At live gigs (which they often played whilst on acid), the band’s bass drum proudly displayed a pyramid logo, designed by graphic artist John Cleveland and centered by a blazing all-seeing eye, or Eye of Providence. Most notably depicted on the back of the American one-dollar bill, the emblem has come to harbor disparate meanings, from divine omniscience (or as the Illuminati will have it, surveillance) to a defense against evil to an awakened consciousness. The Elevators, as was their wont, tended toward the latter. As “Slip Inside This House,” their 1967 tour de force of a track, would later relate, “True conception, knowing why / Brings even more than meets the eye.” And as Hall explained in 2015, of the band’s pyramid: “As you go up in levels of abstraction, it has the tendency of leading to one idea.
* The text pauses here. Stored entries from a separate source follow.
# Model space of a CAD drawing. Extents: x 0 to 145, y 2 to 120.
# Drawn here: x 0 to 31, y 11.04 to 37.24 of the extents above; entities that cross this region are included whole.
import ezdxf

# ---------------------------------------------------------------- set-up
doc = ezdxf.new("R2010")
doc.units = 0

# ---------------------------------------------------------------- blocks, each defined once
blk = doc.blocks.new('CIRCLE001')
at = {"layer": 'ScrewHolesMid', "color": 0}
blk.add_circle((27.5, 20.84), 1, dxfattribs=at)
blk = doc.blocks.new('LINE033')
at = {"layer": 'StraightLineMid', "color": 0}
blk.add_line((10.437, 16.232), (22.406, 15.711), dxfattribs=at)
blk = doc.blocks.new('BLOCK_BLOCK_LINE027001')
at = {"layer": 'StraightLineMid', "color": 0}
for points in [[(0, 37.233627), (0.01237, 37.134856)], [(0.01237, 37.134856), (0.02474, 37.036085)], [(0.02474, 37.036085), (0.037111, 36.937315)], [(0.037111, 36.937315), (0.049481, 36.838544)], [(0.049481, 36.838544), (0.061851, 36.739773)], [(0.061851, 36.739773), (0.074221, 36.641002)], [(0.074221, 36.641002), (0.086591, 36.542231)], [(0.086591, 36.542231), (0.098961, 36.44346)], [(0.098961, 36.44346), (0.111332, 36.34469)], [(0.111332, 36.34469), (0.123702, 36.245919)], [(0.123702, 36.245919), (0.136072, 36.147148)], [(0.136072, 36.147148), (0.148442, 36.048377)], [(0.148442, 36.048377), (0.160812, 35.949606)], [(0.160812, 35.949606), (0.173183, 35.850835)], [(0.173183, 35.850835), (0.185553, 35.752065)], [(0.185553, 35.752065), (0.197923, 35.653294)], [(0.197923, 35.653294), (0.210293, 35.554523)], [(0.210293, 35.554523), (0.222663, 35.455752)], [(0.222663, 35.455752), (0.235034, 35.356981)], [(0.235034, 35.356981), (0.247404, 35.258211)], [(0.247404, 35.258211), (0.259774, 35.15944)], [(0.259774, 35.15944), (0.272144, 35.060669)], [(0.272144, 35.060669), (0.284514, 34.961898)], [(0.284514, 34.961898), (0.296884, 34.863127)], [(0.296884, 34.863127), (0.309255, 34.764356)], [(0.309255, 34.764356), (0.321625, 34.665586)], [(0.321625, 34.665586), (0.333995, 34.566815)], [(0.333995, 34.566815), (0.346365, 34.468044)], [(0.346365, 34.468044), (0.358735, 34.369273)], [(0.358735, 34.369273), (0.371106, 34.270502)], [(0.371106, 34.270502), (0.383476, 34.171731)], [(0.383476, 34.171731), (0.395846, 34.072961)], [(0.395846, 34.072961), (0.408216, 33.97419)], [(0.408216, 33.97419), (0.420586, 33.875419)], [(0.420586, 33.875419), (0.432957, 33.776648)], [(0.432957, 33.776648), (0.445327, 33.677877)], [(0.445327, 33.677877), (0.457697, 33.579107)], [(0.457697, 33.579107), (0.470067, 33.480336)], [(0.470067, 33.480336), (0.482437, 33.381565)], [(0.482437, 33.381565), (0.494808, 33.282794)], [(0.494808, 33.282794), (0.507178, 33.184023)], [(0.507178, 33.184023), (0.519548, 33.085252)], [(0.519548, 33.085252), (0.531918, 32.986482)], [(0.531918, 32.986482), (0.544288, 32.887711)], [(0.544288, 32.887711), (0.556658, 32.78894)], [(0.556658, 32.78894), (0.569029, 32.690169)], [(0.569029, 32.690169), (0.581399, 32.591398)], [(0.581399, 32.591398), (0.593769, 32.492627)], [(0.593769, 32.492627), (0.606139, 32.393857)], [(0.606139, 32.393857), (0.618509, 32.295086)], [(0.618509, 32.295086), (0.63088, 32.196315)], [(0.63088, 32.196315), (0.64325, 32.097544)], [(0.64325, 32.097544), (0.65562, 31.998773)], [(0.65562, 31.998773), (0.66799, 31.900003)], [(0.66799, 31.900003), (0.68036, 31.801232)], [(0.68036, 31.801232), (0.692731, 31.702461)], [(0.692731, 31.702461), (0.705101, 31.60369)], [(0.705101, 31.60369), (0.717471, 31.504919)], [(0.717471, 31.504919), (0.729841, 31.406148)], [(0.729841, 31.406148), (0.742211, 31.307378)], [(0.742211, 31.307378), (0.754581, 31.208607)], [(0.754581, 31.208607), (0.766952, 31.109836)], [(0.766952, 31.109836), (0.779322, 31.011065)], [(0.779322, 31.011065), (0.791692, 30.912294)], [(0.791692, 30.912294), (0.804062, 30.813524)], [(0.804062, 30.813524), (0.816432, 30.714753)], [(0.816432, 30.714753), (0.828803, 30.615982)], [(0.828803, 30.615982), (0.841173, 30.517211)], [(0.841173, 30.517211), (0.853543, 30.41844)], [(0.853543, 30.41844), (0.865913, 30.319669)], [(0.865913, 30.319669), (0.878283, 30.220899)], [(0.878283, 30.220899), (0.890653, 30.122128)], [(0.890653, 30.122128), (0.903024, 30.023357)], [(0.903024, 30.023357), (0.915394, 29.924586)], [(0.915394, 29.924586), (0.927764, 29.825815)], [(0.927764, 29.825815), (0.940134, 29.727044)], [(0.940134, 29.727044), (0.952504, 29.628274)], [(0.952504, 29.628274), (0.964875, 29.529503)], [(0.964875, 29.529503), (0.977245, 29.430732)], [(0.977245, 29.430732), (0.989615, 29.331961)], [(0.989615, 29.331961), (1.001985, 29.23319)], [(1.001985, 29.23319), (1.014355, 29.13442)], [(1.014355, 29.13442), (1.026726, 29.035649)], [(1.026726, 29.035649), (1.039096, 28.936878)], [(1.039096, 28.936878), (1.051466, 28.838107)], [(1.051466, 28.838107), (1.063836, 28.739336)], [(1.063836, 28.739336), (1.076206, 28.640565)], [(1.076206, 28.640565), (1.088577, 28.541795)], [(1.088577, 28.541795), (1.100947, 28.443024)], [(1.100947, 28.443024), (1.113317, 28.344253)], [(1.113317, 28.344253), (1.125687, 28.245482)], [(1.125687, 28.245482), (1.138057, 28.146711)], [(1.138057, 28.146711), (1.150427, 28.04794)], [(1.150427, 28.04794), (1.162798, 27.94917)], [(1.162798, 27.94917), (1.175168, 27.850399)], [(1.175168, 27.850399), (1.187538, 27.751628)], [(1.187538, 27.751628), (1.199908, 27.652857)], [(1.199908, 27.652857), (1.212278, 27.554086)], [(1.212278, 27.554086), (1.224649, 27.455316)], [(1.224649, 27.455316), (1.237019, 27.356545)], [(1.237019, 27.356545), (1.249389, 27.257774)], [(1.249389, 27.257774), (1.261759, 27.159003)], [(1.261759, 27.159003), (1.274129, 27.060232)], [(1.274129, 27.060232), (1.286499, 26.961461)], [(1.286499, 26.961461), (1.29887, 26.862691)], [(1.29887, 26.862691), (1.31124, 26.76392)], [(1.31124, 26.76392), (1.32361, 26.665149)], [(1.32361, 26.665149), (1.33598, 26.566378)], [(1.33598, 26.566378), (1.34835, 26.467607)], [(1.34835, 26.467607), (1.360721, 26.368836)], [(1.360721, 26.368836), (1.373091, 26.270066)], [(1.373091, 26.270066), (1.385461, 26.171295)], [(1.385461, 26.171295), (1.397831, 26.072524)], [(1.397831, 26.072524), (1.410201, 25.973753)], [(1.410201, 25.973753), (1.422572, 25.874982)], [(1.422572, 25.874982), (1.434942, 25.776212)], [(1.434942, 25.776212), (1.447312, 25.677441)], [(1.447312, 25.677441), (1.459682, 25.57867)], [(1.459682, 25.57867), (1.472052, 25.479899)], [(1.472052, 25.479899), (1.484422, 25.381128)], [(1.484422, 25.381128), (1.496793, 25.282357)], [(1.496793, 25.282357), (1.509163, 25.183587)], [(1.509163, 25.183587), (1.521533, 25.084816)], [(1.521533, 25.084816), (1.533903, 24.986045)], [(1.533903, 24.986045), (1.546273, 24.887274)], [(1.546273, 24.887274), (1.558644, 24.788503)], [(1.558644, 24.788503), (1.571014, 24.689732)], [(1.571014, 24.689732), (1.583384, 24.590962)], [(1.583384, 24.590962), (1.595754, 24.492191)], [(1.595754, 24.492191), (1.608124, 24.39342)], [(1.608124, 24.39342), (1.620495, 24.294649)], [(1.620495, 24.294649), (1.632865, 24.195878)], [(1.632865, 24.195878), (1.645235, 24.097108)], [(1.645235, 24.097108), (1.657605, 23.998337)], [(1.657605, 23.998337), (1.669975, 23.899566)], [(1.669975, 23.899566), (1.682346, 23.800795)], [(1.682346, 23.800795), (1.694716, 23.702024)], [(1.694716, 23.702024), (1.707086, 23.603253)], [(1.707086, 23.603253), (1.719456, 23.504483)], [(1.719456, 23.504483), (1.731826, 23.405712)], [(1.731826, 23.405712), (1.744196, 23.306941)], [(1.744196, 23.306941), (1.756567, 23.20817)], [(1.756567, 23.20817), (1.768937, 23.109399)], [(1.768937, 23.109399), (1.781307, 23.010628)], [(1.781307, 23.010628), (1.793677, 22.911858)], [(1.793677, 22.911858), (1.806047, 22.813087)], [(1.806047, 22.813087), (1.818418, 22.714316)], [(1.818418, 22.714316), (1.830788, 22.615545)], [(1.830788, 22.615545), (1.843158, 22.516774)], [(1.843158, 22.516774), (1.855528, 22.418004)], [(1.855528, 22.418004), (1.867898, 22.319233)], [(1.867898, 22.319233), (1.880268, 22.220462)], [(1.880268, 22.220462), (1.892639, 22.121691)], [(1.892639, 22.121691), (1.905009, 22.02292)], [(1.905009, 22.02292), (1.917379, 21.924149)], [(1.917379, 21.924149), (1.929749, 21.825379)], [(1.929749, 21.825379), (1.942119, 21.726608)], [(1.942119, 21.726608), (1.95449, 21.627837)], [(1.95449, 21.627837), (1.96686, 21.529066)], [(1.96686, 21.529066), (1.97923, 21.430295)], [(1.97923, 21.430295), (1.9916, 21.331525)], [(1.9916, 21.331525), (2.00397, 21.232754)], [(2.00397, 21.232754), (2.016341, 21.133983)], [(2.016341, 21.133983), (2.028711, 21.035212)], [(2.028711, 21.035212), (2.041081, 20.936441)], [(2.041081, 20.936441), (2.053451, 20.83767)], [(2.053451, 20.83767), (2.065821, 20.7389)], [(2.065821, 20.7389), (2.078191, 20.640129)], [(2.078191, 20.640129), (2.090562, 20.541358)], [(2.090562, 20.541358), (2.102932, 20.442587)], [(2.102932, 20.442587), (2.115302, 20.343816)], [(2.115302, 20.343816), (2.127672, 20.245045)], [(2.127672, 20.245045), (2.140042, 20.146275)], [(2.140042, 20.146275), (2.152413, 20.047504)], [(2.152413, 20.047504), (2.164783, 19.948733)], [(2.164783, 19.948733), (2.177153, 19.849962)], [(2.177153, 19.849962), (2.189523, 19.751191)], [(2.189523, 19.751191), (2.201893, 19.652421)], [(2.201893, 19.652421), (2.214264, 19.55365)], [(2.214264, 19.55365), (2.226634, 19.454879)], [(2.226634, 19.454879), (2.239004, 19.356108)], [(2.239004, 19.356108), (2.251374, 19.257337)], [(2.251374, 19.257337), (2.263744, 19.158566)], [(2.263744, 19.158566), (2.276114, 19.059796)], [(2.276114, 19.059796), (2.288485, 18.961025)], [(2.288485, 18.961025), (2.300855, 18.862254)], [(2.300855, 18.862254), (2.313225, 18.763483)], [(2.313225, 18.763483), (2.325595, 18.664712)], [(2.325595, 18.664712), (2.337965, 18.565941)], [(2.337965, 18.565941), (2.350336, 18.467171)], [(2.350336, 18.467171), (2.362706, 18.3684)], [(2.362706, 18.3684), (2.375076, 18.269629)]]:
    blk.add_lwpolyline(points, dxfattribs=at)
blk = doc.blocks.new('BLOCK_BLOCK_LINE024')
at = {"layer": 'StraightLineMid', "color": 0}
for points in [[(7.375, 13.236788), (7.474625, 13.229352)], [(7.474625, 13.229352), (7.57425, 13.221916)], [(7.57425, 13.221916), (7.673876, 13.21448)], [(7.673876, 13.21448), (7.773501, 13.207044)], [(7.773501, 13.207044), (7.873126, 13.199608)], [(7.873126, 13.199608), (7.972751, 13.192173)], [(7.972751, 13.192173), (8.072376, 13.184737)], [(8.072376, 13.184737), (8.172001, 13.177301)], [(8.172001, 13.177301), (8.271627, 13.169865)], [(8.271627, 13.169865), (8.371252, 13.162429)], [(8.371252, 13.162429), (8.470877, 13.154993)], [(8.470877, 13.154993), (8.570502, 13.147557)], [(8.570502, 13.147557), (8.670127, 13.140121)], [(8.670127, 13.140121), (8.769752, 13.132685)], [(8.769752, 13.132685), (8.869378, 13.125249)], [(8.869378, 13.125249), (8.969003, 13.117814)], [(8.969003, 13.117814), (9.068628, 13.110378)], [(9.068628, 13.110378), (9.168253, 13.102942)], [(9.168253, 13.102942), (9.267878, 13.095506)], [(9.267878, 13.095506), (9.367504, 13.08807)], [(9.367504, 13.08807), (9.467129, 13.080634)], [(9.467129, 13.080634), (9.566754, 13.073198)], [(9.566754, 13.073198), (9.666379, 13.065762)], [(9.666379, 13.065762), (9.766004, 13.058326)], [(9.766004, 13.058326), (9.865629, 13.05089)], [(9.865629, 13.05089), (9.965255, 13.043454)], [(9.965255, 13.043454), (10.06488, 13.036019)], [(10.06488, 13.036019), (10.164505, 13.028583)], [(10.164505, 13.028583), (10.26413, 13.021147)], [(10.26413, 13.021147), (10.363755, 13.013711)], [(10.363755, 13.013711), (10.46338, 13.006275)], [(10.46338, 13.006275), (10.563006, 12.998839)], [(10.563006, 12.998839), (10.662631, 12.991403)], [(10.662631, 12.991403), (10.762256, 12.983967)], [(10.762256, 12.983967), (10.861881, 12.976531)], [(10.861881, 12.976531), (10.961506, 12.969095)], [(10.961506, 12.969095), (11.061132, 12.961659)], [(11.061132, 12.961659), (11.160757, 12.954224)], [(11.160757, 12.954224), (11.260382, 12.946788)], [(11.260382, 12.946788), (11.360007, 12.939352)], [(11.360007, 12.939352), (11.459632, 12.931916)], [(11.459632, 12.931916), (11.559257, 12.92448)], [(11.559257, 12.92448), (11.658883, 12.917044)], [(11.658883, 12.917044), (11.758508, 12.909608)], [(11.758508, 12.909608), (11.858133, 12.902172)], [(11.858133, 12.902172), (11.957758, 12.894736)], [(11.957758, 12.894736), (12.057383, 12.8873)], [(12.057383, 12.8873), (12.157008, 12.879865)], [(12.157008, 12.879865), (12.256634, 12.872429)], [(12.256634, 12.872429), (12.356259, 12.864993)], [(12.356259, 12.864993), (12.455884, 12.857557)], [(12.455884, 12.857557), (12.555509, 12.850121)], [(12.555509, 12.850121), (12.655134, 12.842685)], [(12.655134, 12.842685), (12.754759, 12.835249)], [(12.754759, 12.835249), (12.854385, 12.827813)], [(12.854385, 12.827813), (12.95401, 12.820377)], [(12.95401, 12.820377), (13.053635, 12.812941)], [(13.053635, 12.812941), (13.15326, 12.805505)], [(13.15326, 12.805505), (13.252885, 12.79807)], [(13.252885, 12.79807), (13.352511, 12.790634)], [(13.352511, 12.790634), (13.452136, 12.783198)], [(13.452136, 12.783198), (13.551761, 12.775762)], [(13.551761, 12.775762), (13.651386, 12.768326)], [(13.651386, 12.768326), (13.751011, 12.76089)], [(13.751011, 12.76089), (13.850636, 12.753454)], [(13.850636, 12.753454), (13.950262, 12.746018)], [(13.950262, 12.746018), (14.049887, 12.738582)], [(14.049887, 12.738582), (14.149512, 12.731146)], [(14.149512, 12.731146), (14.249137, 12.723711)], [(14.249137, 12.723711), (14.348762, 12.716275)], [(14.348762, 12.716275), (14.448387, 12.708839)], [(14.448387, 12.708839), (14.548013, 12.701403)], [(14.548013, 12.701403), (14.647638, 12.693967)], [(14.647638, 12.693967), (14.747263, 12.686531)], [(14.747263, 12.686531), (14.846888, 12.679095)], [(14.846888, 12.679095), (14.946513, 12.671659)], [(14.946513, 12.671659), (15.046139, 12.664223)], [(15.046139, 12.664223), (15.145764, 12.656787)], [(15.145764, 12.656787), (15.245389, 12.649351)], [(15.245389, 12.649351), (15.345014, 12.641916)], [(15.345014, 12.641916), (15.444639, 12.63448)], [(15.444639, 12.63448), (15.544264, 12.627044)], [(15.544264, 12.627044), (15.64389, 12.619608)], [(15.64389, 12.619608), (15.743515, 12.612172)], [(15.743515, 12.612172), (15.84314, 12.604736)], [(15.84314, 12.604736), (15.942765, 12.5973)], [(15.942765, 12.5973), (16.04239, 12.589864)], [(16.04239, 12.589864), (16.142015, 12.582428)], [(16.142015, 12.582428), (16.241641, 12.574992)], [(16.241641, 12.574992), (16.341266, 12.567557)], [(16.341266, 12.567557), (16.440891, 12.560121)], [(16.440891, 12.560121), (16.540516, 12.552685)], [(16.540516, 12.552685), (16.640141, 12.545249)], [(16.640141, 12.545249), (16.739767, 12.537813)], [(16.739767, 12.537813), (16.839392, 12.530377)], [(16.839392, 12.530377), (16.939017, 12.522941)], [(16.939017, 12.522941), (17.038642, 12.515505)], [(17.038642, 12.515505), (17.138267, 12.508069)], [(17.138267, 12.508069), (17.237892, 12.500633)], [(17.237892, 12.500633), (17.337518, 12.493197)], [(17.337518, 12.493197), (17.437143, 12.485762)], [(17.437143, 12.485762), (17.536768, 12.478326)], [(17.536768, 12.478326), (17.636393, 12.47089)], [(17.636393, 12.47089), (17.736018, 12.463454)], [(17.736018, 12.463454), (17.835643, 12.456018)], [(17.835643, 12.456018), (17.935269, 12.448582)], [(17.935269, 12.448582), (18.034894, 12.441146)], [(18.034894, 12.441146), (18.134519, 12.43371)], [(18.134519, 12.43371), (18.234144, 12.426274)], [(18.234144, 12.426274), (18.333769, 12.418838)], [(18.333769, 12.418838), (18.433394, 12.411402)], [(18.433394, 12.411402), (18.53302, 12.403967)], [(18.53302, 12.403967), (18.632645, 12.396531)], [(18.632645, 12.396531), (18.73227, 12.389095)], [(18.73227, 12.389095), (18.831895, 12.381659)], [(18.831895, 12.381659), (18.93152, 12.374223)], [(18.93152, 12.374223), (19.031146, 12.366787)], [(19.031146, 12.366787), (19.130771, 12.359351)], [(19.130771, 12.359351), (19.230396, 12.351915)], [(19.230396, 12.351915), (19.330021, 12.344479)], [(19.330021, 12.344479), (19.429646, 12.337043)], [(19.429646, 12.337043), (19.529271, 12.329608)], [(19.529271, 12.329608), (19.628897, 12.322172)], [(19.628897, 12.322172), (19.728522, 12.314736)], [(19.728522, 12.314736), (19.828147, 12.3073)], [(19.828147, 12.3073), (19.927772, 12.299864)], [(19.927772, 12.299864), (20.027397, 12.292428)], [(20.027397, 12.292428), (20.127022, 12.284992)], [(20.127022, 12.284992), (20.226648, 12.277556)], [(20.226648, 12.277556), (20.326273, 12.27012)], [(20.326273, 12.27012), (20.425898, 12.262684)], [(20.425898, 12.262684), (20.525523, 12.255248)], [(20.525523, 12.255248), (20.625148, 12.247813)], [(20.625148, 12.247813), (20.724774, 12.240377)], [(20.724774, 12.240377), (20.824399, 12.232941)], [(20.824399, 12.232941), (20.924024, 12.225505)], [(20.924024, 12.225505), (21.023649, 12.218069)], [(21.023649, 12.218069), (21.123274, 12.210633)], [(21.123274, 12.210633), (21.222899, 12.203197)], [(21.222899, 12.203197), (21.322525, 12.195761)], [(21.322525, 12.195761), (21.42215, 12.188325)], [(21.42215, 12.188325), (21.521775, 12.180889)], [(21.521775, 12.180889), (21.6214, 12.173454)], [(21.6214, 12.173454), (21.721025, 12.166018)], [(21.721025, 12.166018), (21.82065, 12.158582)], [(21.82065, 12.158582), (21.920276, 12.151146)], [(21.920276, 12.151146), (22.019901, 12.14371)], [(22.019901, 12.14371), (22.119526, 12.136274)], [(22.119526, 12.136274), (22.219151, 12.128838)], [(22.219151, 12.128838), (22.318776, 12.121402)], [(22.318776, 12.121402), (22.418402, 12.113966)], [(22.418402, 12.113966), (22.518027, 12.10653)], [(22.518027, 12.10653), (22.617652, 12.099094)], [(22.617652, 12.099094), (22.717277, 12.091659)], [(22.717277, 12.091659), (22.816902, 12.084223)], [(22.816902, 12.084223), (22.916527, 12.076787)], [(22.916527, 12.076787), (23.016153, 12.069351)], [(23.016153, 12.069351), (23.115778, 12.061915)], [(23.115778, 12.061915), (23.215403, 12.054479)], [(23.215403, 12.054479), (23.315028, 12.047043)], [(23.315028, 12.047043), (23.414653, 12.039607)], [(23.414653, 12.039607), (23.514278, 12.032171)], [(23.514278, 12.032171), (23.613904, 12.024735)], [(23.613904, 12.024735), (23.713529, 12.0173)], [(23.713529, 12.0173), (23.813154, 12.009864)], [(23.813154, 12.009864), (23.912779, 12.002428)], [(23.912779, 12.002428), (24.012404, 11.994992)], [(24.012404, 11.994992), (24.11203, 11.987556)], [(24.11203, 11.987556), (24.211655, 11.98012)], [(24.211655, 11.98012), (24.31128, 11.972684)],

That’s why the pyramid works as a model for consciousness… With the eye, it leads to perception.”

Which explains the multitude of eyes on the sleeve of the band’s first record, also created by Cleveland. It may have lacked the sheen of other ‘60s psychedelic covers such as, say, The Jimi Hendrix Experience’s Axis: Bold as Love (art by David King) or Cream’s Disraeli Gears (Martin Sharp), but its childlike, hypnotic aura still casts a spell all of its own. Said drummer John Ike in Eye Mind, “How could you turn that down in a record store? Everything else has a photograph of somebody on it, you know? And you come across that. You’d buy it.” True enough: in line with its eye-centric theme, the cover does house a wealth of retinal-popping pleasures.
Those electric colors, undulating lines, and nested eyes parallel the album’s contents—“The neon from your eyes is splashing into mine,” goes “Splash 1”—but also, epitomize the band’s (or specifically, Tommy Hall’s) push toward chemically assisted points of view. In fact, Hall had intended for the album’s songs to act as a guide to ultimate consciousness; thus his brief commentaries that accompanied the track listing. A sample: “‘Roller Coaster’” describes the discovery of the new direction and purpose to man’s life, the movement in that direction, and the results.” Printed underneath Hall’s anti-Aristotelian missive, these notes hardly formed the most sophisticated of mission statements, but like their front cover, they retain in their unworldly articulation, a sense of artless wonder and advocacy. The seekers at the foot of the pyramid gaze upward.
“We were just trying to give another view besides just the ‘get as high as you can’ view,” Hall explained recently. “We represented the psychedelic way that you get ideas and advance your consciousness.” For a band named after a form of vertical transportation (“It was like, if you want to get to the 13th floor, ride our elevator,” lead singer Roky Erickson once declared), and for all their pyramidal imagery, there left no doubt that it was always headed for higher planes. While Hall’s often turgid philosophical wax (soon to be polished up for “Slip Inside This House”) perhaps lent flesh to those intentions, Cleveland’s arresting and symbol-heavy design for the band’s debut has said it better, more concisely, and with vibrant immediacy. It’s a cover meant to jolt the senses. Not for nothing does it illustrate that mythical moment where, as Erickson famously put it, “the pyramid meets the eye.”